# Military Poetry



## Marauder06 (Aug 4, 2019)

I thought we had a thread on this already, but if we do I couldn't find it.

This is the place for you to post military-related poetry, yours / someone else's, contemporary / historical, it doesn't matter. The only requirement is that it has to have a military nexus.

*This poem, and its accompanying backstory*, was written by a ShadowSpear member, celebrates a different ShadowSpear member's recovery from being severely WIA, and gives a shout-out to the site.  That said, it's kind of dark...

Excerpt:



> I thought about the way America thinks its veterans are disposable, about how the wars aren’t “real” to most Americans in any meaningful sense, and how despite the “never forgotten” bumper stickers, most dead Soldiers are that: forgotten. Disposable. Put in a box.  Flushed away after their utility is at an end.
> 
> I thought about all of that, and then I wrote this poem.



_____




> _From my mother’s embrace I rose to the call of the State,
> And I hunkered in its steel until my dry skin melted.
> Six hundred meters from base, I shuffled off this mortal coil;
> I fell asleep to the sound of exploding copper.  No more nightmares_.
> ...


----------



## digrar (Aug 5, 2019)

"If you are able, save for them a place inside of you and save one backward glance when you are leaving for the places they can no longer go.
     Be not ashamed to say you loved them, though you may or may not have always. Take what they have taught you with their dying and keep it with your own.
     And in that time when men decide and feel safe to call the war insane, take one moment to embrace those gentle heroes you left behind.
Major Michael Davis O'Donnell
1 January 1970
Dak To, Vietnam
Major O'Donnell was listed as missing in action in 1970 while in Cambodia.
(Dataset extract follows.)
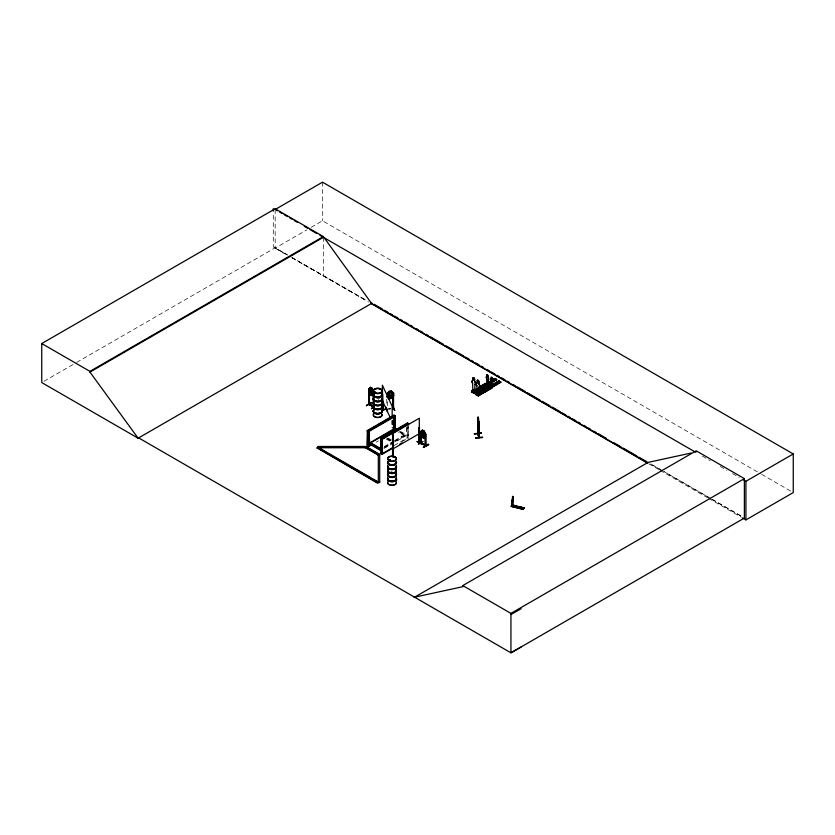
<?xml version="1.0" encoding="UTF-8"?>
<svg xmlns="http://www.w3.org/2000/svg" width="835" height="835" viewBox="0 0 835 835"><rect width="100%" height="100%" fill="white"/><g stroke="black" fill="none" stroke-linecap="round" stroke-linejoin="round"><path stroke-width="0.63" stroke-dasharray="4.17 3.13" d="M406.687 427.353L405.935 435.839L394.945 442.185M378.265 399.172L379.998 397.658M44.004 381.271L75.557 363.048M76.684 362.4L275.174 247.797L287.501 254.915M275.174 209.501L275.174 248.12L306.737 229.907M311.236 227.297L322.508 220.795L760.508 473.675M376.188 442.143L378.422 440.859M384.444 446.474L393.431 441.287M394.527 440.65L406.217 433.897M383.954 447.247L393.849 441.527M394.945 440.89L405.935 434.544L399.944 431.09M384.632 447.654L393.431 442.581M394.527 441.945L405.518 435.599L405.518 434.304M383.954 448.531L393.849 442.821M394.162 445.525L407.543 437.801L408.659 438.438M401.969 441.579L406.426 439.001M388.525 408.806L390.676 408.534M388.578 408.952L390.728 408.67M388.525 409.213L390.676 408.941M287.334 255.009L273.285 246.93L273.285 212.466M291.833 257.598L365.939 300.214L291.989 257.504M662.604 470.815L650.256 463.707L662.572 470.825M710.888 498.578L663.731 471.451L710.762 498.652M712.004 499.215L742.325 516.656M761.645 474.322L793.25 492.577M702.35 456.129L710.167 460.638M720.219 466.441L726.93 470.314M732.514 473.539L739.215 477.411M711.879 499.288L742.138 516.761M275.174 248.12L287.501 255.239M291.989 257.827L368.559 302.03M648.753 463.801L658.919 469.677M660.057 470.324L707.506 497.723M708.633 498.38L741.397 517.293M376.648 398.107L378.297 399.057M399.422 431.392L404.996 434.607L404.996 435.901L398.305 432.039M399.944 432.373L405.935 435.839M388.16 438.072L391.417 439.951M387.304 438.385L391.761 440.964M386.887 438.625L391.354 441.204M386.188 439.033L391.761 442.247M408.659 424.117L408.659 437.717M408.169 427.009L408.169 437.425M407.543 424.775L407.543 438.365M407.052 427.666L407.052 438.083M401.645 432.676L401.645 433.97M401.228 432.436L401.228 433.73M392.408 420.61L392.408 428.052M392.231 420.255L392.231 427.697M392.168 420.642L392.168 428.084M392.001 420.287L392.001 427.729M387.377 401.635L387.43 406.927M386.751 399.14L386.803 405.716M323.364 237.317L323.364 275.936M322.508 182.176L322.508 220.795M390.884 471.806A4.415 2.547 0 0 1 392.022 471.712"/><path stroke-width="1.25" d="M518.253 507.033L519.266 507.075M512.085 500.885L512.398 505.833L513.149 499.852L512.398 505.833L512.022 500.656M474.551 391.876L475 384.57A2.369 1.378 59.5 0 0 474.656 381.334L474.551 381.397A2.369 1.378 59.5 0 1 474.896 384.632L475 384.57M478.799 394.329L479.248 387.022A2.369 1.378 59.5 0 0 478.904 383.787L478.904 381.699A1.179 0.689 59.5 0 0 478.058 380.259A1.179 0.689 59.5 0 0 477.213 380.75L477.109 380.802A1.179 0.689 59.5 0 1 477.954 380.322A1.179 0.689 59.5 0 1 478.799 381.762L478.799 383.849A2.369 1.378 59.5 0 1 479.144 387.085M492.055 386.344L492.358 381.47A1.576 0.918 59.5 0 0 492.128 379.309L492.107 377.733M478.768 421.717L479.186 437.676L477.714 433.73L478.893 437.686L478.737 421.623L478.768 437.342L479.154 436.747M479.196 437.623L479.227 437.102M368.872 445.806L368.872 431.486L369.78 444.157L380.656 450.43L381.209 439.805M512.408 504.862L512.001 504.163L511.709 505.666M512.022 499.988L512.116 500.676M512.46 504.883L511.918 504.465L512.502 504.57M512.095 500.374L512.627 496.512M513.243 498.672L513.254 499.455M512.043 504.455L512.586 504.778M478.058 419.587L478.267 417.917M473.654 390.707C473.758 390.31 472.036 391.396 473.508 390.279M476.816 393.149C478.779 394.517 476.952 390.686 476.691 394.569M512.335 504.601L511.792 504.486L511.813 505.697M477.86 418.919L478.131 417.082L477.662 418.262M472.881 391.229C473.675 390.269 471.545 390.78 475.261 392.137L475.261 391.333L475.459 392.45C470.596 386.094 474.144 396.667 473.195 390.707M477.975 392.993L477.056 393.671L477.662 392.742M487.379 383.213C486.951 381.971 486.868 386.334 486.659 378.192A1.576 0.918 59.5 0 1 486.815 376.334L487.055 374.539L487.943 375.176M486.617 384.079L487.139 384.371L487.369 383.004M490.75 385.666L491.439 385.613M490.187 386.532L490.061 385.634C492.055 384.998 490.855 387.356 491.272 385.311M491.366 385.613L490.771 385.76L499.487 381.428L491.596 386.041M371.251 442.508L370.73 444.095M383.902 435.202L383.369 435.505M384.601 434.795L384.069 435.108M480.522 388.118L480.031 387.294M495.666 383.348L496.428 383.275M496.314 383.829L496.303 383.14M374.873 392.774L375.051 392.126M375.249 392.742L374.696 392.387M374.873 392.21L375.833 392.304L374.936 392.44M380.113 389.632L380.468 389.371M390.164 460.075L389.361 459.876L389.193 460.544M389.559 459.928L389.914 460.315M394.287 457.517L394.871 457.194M394.444 457.162L395.018 457.403L394.464 457.35M477.255 393.556L477.933 392.878M477.547 392.899L476.795 393.233M511.312 506.49L511.573 505.989L511.333 506.49L523.107 509.402L524.088 507.899L523.221 509.246L511.385 506.24L511.458 505.467L512.659 506.302M524.036 508.129L512.053 505.478L512.106 504.183M512.231 505.227L512.325 504.309L513.515 504.611L512.586 506.532L512.659 505.77L511.458 505.467M513.233 505.77L524.161 507.951L512.304 505.071L511.438 506.334M371.064 388.077L370.469 390.968L371.011 392.22L372.128 391.907M389.068 393.901L389.809 391.709L390.561 391.615L391.333 394.684L390.561 395.727L389.068 394.976M477.37 392.575L476.002 394.183L478.152 395.393L479.509 393.786L479.707 394.903L477.098 393.379L477.86 393.003M486.784 383.526L487.316 383.255M382.326 410.079L385.885 409.317M382.806 409.766C382.326 408.545 382.628 411.039 382.837 409.734M478.862 424.639L478.465 425.808L478.956 424.691M422.5 430.035L421.623 433.835L422.729 435.933L423.825 436.559L424.911 435.734C425.704 433.156 423.261 427.499 420.746 431.465L420.861 443.135L425.819 445.942L425.944 434.221L425.318 434.064L425.756 445.942M389.058 391.49L387.92 395.884L389.444 397.147L390.957 396.949L392.46 395.289L392.46 393.452L391.354 391.083L389.006 391.385C385.133 398.598 387.033 390.54 391.333 391.197L393.661 393.233L391.354 391.083L391.364 398.472L389.006 398.744L386.772 396.562M512.471 496.658L513.014 496.46M477.056 393.118L477.004 393.64M491.074 377.002L490.928 378.714A1.576 0.918 59.5 0 0 490.698 380.603L490.761 380.562A1.576 0.918 59.5 0 1 491.001 378.673L490.928 378.714M491.105 385.165L490.197 386.24L491.627 387.043L492.535 385.979L492.66 386.72L490.656 385.373L490.656 386.501L490.73 385.321M418.345 444.345L423.126 441.381M366.398 405.664L371.356 402.752M523.848 508.39L512.252 504.945L511.458 506.01L523.42 508.964L511.521 506.219M385.874 407.47L387.419 411.446M385.885 407.23L387.471 411.519M369.529 391.646L369.373 404.662L369.08 388.818L368.903 404.422L369.185 403.702M369.592 403.973L369.028 403.67M370.521 387.45L368.746 388.891L370.489 387.367L372.212 388.338L373.85 391.782L373.297 391.281L373.391 406.989C375.072 405.424 362.943 401.781 373.767 406.603M391.312 398.378L393.661 395.686L393.536 393.128L392.909 393.202L392.888 408.806L393.64 408.722L393.661 408.138L392.888 408.398M421.268 431.789L421.362 443.364L421.487 434.221M425.265 445.055L425.996 445.838L421.028 442.978L420.746 431.465M425.245 434.075L425.318 445.713L425.495 433.96M419.504 442.644L418.993 442.874M481.482 387.628L480.167 387.837L480.511 387.075M485.657 390.352L484.759 389.684M492.525 381.313L492.191 380.76M495.666 383.515L496.679 383.505M394.965 457.392L394.318 457.444M513.515 504.611L513.442 505.238M391.333 398.42L393.682 395.727M512.617 496.366L513.254 498.161M424.117 438.312C421.477 437.978 418.94 429.013 422.427 437.331L424.117 438.312L425.746 436.778M373.85 394.141L372.18 395.613M372.212 388.338L372.159 395.717L373.903 394.193M382.357 410.079L382.847 410.34L382.378 385.196L392.168 406.301L392.168 416.592M375.907 392.617L374.905 392.69M389.079 460.064L389.674 459.824M389.893 460.054L389.214 460.148M389.976 460.44L389.788 459.834M478.09 433.49L478.152 434.002M471.41 391.991L473.33 390.79L472.443 390.425M487.692 385.666L474.259 393.598L487.734 385.655L484.989 383.693L479.415 387.325M485.125 384.215L471.692 392.147L472.245 392.44M485.281 384.298L478.904 388.452M485.646 384.517L484.989 383.891L478.768 387.565L481.304 388.995L482.672 387.983L480.135 386.553L478.768 387.356L481.304 388.786M487.755 385.112L496.595 379.466L494.904 378.505L486.053 384.163M486.147 384.194L495.238 378.829L486.387 384.351M495.238 378.829L485.813 384.017L486.868 382.722L487.024 383.369M476.962 390.989L473.622 393.097M485.949 383.255L487.515 384.674L488.558 383.672L487.515 384.966L496.282 379.403L496.741 379.821M484.989 383.891L487.525 385.332L486.878 385.206M496.282 379.403L494.904 378.641M473.602 392.972L474.092 393.254L474.092 392.241L475.459 391.438M477.234 393.421L475.668 394.444M498.109 381.553L499.017 380.885L500.854 382.19L477.985 395.738L491.982 388.108L489.101 386.522M476.879 393.41L477.171 392.46L475.814 393.264L476.482 394.903L489.936 386.97L475.94 394.6M500.823 382.2L491.304 387.158L491.846 387.471L489.926 386.386L499.017 380.885M489.727 386.626L478.956 392.419L489.237 386.448M498.912 381.125L500.52 382.002M489.237 386.355L491.773 387.784L477.87 395.55M491.293 387.492L491.627 387.941M491.617 387.336L492.66 386.052M370.489 387.367L369.634 391.25L370.75 393.337L371.857 393.963L372.953 393.128L372.953 391.291L372.18 388.39L370.437 387.398L370.521 394.673M368.799 388.943L368.799 391.354M368.746 391.344L370.437 394.746M372.159 395.717L370.469 394.704M472.965 378.297L472.965 380.374A2.369 1.378 59.5 0 0 472.61 383.213L472.506 383.275A2.369 1.378 59.5 0 1 472.861 380.436L472.965 378.297A1.179 0.689 59.5 0 1 473.81 377.806A1.179 0.689 59.5 0 1 474.656 379.247L474.551 381.397M474.656 379.247L474.551 379.309A1.179 0.689 59.5 0 0 473.706 377.869A1.179 0.689 59.5 0 0 472.861 378.349M486.815 374.946L486.889 376.293A1.576 0.918 59.5 0 0 486.659 378.192L486.659 378.192M476.858 385.666L476.754 385.728A2.369 1.378 59.5 0 1 477.109 382.889L477.213 382.827A2.369 1.378 59.5 0 0 476.858 385.666L477.463 395.007L476.806 392.805M488.016 376.929A1.576 0.918 59.5 0 1 488.245 379.09L487.943 383.964L488.245 379.09A1.576 0.918 59.5 0 0 487.943 376.971L488.016 375.541M492.358 381.47L492.295 381.501A1.576 0.918 59.5 0 0 492.055 379.351L492.128 377.921M471.754 392.168L471.556 390.811L472.923 390.008L471.754 391.73L473.894 392.941L475.261 391.333M485.25 386.469C484.321 388.713 479.175 385.801 482.714 385.039L485.25 386.668L482.714 385.039M496.606 379.591L486.158 386.135L483.622 384.705L484.989 383.693M474.708 389.966L477.15 388.525M474.938 389.966L477.171 388.651M491.669 380.416L490.761 381.084M492.483 379.946C497.002 381.919 490.552 380.301 493.391 379.403L495.082 380.499L493.391 379.403M493.996 379.048C498.516 381.021 492.065 379.403 494.904 378.505M471.848 392.22L485.479 384.173M472.234 392.45L476.722 389.799M478.998 389.788L487.035 385.039M496.595 379.466L487.316 384.695M487.536 385.321L473.936 393.41M473.904 393.389L487.369 385.488M483.016 389.809C490.489 393.097 479.405 390.216 484.383 389.006L486.92 390.644L484.383 389.006M485.594 388.296C493.078 391.584 481.983 388.692 486.962 387.492L489.498 389.12L486.962 387.492M487.87 386.949C495.343 390.237 484.258 387.356 489.237 386.146M476.002 394.183L477.61 392.899M479.3 392.617L489.592 386.793M494.873 383.328C499.393 385.3 492.942 383.683 495.781 382.785L497.472 383.881L495.781 382.785M496.595 382.315C501.115 384.288 494.654 382.67 497.503 381.783L499.194 382.868L497.503 381.783M476.127 394.725L489.707 386.73M476.451 394.903L489.894 386.97M490.364 386.563L499.372 381.292M478.486 396.02L478.34 394.694L479.707 393.89M500.384 381.783L491.512 387.283L500.708 381.835M491.408 387.137L500.405 381.866M478.152 395.393L491.314 387.628M491.784 387.774L477.985 395.738M478.371 395.832L491.784 387.878M366.45 405.747L371.429 402.501L366.45 405.424M373.495 407.136L371.491 408.618L373.746 407.563M371.565 408.618L373.527 407.397L371.491 408.618M393.014 442.78L393.014 456.421M418.878 427.854L419.504 427.697L418.993 443.437L418.878 427.854L419.504 427.697M417.218 441.464L421.988 444.178M418.878 443.302L419.567 442.571M138.735 437.926L138.192 438.25L41.75 382.566L41.75 343.55L275.174 208.781L323.364 236.597L371.554 303.439L647.459 462.736M275.174 208.781L275.174 209.501L322.508 182.176L793.25 453.958L793.25 492.577L745.916 519.902L742.534 517.94M41.75 343.55L89.94 371.366L323.364 236.597M521.165 647L510.947 652.824L138.673 437.895L138.119 438.208L89.94 372.086L323.364 237.317M138.119 438.208L372.097 303.126M317.143 447.831L318.114 447.268L365.417 447.268L378.318 454.72L379.695 454.72L379.695 482.505L377.347 483.068L317.143 447.831L377.347 482.588L379.695 482.025M317.143 448.311L318.114 447.748L365.417 447.748L378.318 455.2L379.695 455.2M371.732 444.721L368.381 446.652L367.264 446.005L367.264 430.557L394.026 415.11L395.143 415.757L395.143 429.336M368.381 430.474L370.615 429.19M372.848 427.896L375.072 426.612M378.422 424.681L380.645 423.397M382.879 422.103L389.569 418.241M391.792 416.957L394.026 415.673L395.143 416.31L368.381 431.768L367.264 431.121L367.755 430.839L367.264 445.441L368.381 446.088L370.615 444.794M367.264 430.557L368.381 431.204L395.143 415.757M397.711 429.806L395.07 428.271L369.78 442.874L380.656 449.146M368.381 444.794L370.615 443.51M371.251 443.792L370.197 444.397L370.197 443.114L395.487 428.512L395.487 429.806M393.045 448.019L381.898 454.449L380.791 453.812L380.791 438.365L407.543 422.917L408.659 423.554L381.898 439.565L380.791 438.928L406.426 424.117M365.417 447.268L366.388 446.704L379.299 454.156L378.318 455.2M407.052 423.762L408.659 424.117M380.791 438.365L381.898 439.001L408.659 423.554M472.62 390.957L473.163 390.592M380.76 449.888L380.238 450.19L380.76 448.604L370.73 442.811M379.299 454.156L378.318 454.72L378.318 482.505L372.744 479.29M381.271 452.967L380.791 453.248L381.898 453.885L393.045 447.456M399.735 444.157L401.969 442.863M421.487 431.653L420.861 431.486M423.543 431.006L424.096 433.428L423.543 435.129L422.458 432.478L422.99 430.693L423.595 430.975M392.565 449.105L419.327 433.657M421.456 442.623L420.809 442.487L421.362 442.8M425.265 445.222L421.362 442.967L425.923 445.201M423.397 447.017L428.449 444.147L423.439 447.069M428.689 444.564L423.397 447.341M414.035 597.505L648.012 462.413L691.119 453.04M414.577 597.182L462.767 586.702L462.767 585.585L696.192 450.817L744.382 478.632L744.382 518.055L510.947 652.824L510.947 613.401L744.382 478.632M696.192 451.933L695.649 452.257L320.003 235.376M743.682 479.989L745.916 481.284L793.25 453.958M510.947 614.529L521.165 608.705M480.156 387.356L481.273 387.346M481.284 387.826L480.73 387.962M484.571 389.569L484.185 390.133L485.532 390.289M419.222 442.477L418.826 443.333M419.222 443.041L419.327 418.21L392.565 433.657L392.565 456.682M419.128 443.385L419.045 427.958M393.588 393.264L392.93 393.4L392.836 408.659L393.598 408.565M386.803 408.826L386.887 409.609L386.751 409.046M393.525 408.743L393.536 393.128M492.201 381.459L492.431 380.844M389.788 460.502L390.3 460.106M421.07 442.414L421.299 443.375M382.607 394.548L382.566 410.423M382.357 409.985L385.885 409.108L382.503 409.849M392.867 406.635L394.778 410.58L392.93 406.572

His remains were returned to the United States in 2001.


----------



## digrar (Aug 5, 2019)

This one from Banjo Patterson, probably Australia's most well known poet, indicates how young a nation we were in WW1, and why ANZAC day (Gallipoli being a massive cock up) and the digger legend has maintained importance for over 100 years now. 

_Australia takes her pen in hand,
To write a line to you,_ _To let you fellows understand,
How proud we are of you.

From shearing shed and cattle run,
From Broome to Hobsons Bay,
Each native-born Australian son,
Stands straighter up today.

The man who used to "hump his drum",
On far-out Queensland runs,
Is fighting side by side with some
Tasmanian farmer's sons.

The fisher-boys dropped sail and oar
To grimly stand the test,
Along that storm-swept Turkish shore,
With miners from the west.

The old state jealousies of yore
Are dead as Pharaoh's sow,
We're not State children any more
We're all Australians now!

Our six-starred flag that used to fly,
Half-shyly to the breeze,
Unknown where older nations ply
Their trade on foreign seas,

Flies out to meet the morning blue
With Vict'ry at the prow;
For that's the flag the Sydney flew,
The wide seas know it now!

The mettle that a race can show
Is proved with shot and steel,
And now we know what nations know
And feel what nations feel.

The honoured graves beneath the crest
Of Gaba Tepe hill,_ _May hold our bravest and our best,
But we have brave men still.

With all our petty quarrels done,
Dissensions overthrown,
We have, through what you boys have done,
A history of our own.

Our old world diff'rences are dead,
Like weeds beneath the plough,
For English, Scotch, and Irish-bred,
They're all Australians now!

So now we'll toast the Third Brigade,
That led Australia's van,
For never shall their glory fade
In minds Australian.

Fight on, fight on, unflinchingly,
Till right and justice reign.
Fight on, fight on, till Victory
Shall send you home again.

And with Australia's flag shall fly
A spray of wattle bough,
To symbolise our unity,_ _We're all Australians now.

(AB "Banjo" Paterson)_


----------



## x SF med (Aug 6, 2019)

Rudyard Kipling wrote this in 1890...  he was a soldier, in India and the Kush.  Every military person should own a copy of *Barrack-Room Ballads* (ca. 1892) 

*Tommy*

I WENT into a public 'ouse to get a pint o'beer, 
The publican 'e up an' sez, ``We serve no red-coats here.''
 The girls be'ind the bar they laughed an' giggled fit to die,
 I outs into the street again an' to myself sez I:

O it's Tommy this, an' Tommy that, an' ``Tommy, go away''; 
But it's ``Thank you, Mister Atkins,'' when the band begins to play,  
The band begins to play, my boys, the band begins to play,  
O it's ``Thank you, Mr. Atkins,'' when the band begins to play.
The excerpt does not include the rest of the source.